*** Supplied records

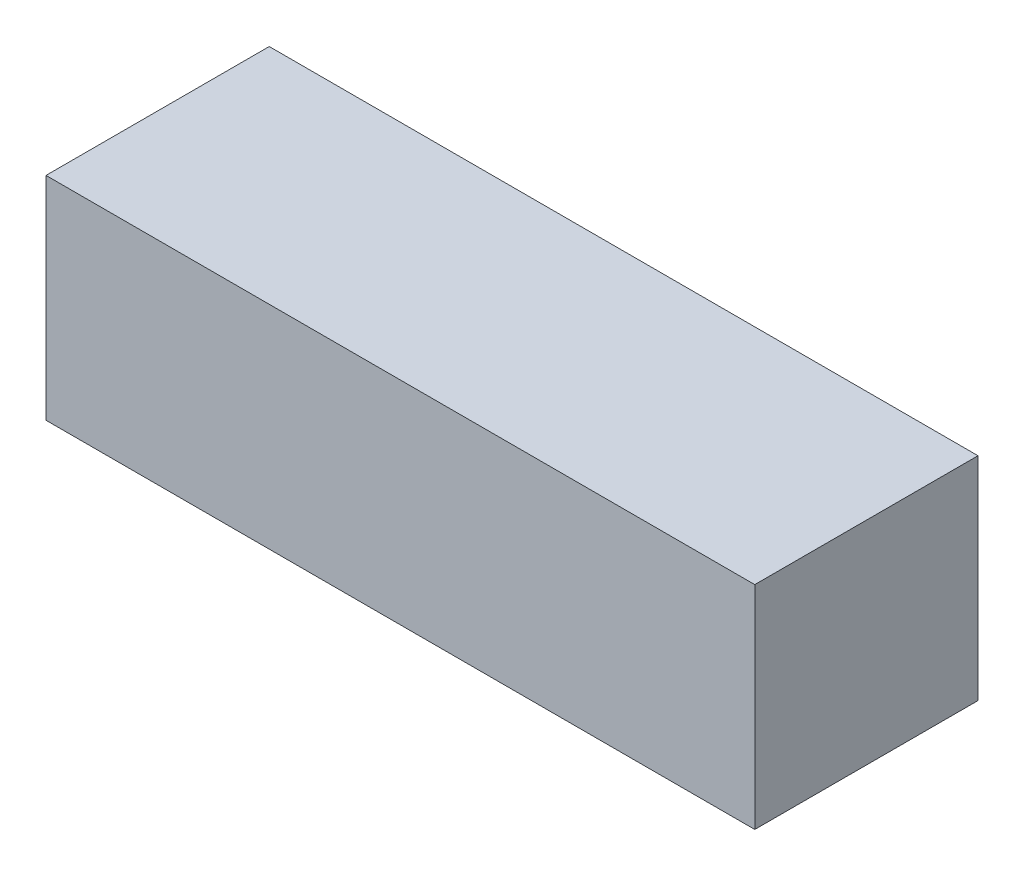
from build123d import *

# Parameters (mm, degrees)
BOSS_EXTRUDE1_DEPTH      = 14
BOSS_EXTRUDE1_DEPTH_BACK = 14
SKETCH1_W                = 115
SKETCH1_H                = 35
BOSS_EXTRUDE2_DEPTH      = 19
BOSS_EXTRUDE2_DEPTH_BACK = 19
SKETCH2_W                = 127
SKETCH2_H                = 40


with BuildPart() as part:
    # Sketch1 → Boss-Extrude1 (new, two sides: drawn at the far end of the back side and taken through both)
    with BuildSketch(Plane(origin=(0, 0, 0), x_dir=(1, 0, 0), z_dir=(0, 1, 0)).offset(-BOSS_EXTRUDE1_DEPTH_BACK)):
        Rectangle(SKETCH1_W, SKETCH1_H)
    extrude(amount=BOSS_EXTRUDE1_DEPTH + BOSS_EXTRUDE1_DEPTH_BACK)


with BuildPart() as body_2:
    # Sketch2 → Boss-Extrude2 (new, two sides: drawn at the far end of the back side and taken through both)
    with BuildSketch(Plane(origin=(0, 0, 0), x_dir=(1, 0, 0), z_dir=(0, 1, 0)).offset(-BOSS_EXTRUDE2_DEPTH_BACK)):
        with Locations((-4, 0)):
            Rectangle(SKETCH2_W, SKETCH2_H)
    extrude(amount=BOSS_EXTRUDE2_DEPTH + BOSS_EXTRUDE2_DEPTH_BACK)


solid = Compound([part.part, body_2.part])

******

With images excluded, write the records above out again exactly.

Solved problem -
from build123d import *

# Parameters (mm, degrees)
BOSS_EXTRUDE1_DEPTH      = 14
BOSS_EXTRUDE1_DEPTH_BACK = 14
SKETCH1_W                = 115
SKETCH1_H                = 35
BOSS_EXTRUDE2_DEPTH      = 19
BOSS_EXTRUDE2_DEPTH_BACK = 19
SKETCH2_W                = 127
SKETCH2_H                = 40


with BuildPart() as part:
    # Sketch1 → Boss-Extrude1 (new, two sides: drawn at the far end of the back side and taken through both)
    with BuildSketch(Plane(origin=(0, 0, 0), x_dir=(1, 0, 0), z_dir=(0, 1, 0)).offset(-BOSS_EXTRUDE1_DEPTH_BACK)):
        Rectangle(SKETCH1_W, SKETCH1_H)
    extrude(amount=BOSS_EXTRUDE1_DEPTH + BOSS_EXTRUDE1_DEPTH_BACK)


with BuildPart() as body_2:
    # Sketch2 → Boss-Extrude2 (new, two sides: drawn at the far end of the back side and taken through both)
    with BuildSketch(Plane(origin=(0, 0, 0), x_dir=(1, 0, 0), z_dir=(0, 1, 0)).offset(-BOSS_EXTRUDE2_DEPTH_BACK)):
        with Locations((-4, 0)):
            Rectangle(SKETCH2_W, SKETCH2_H)
    extrude(amount=BOSS_EXTRUDE2_DEPTH + BOSS_EXTRUDE2_DEPTH_BACK)


solid = Compound([part.part, body_2.part])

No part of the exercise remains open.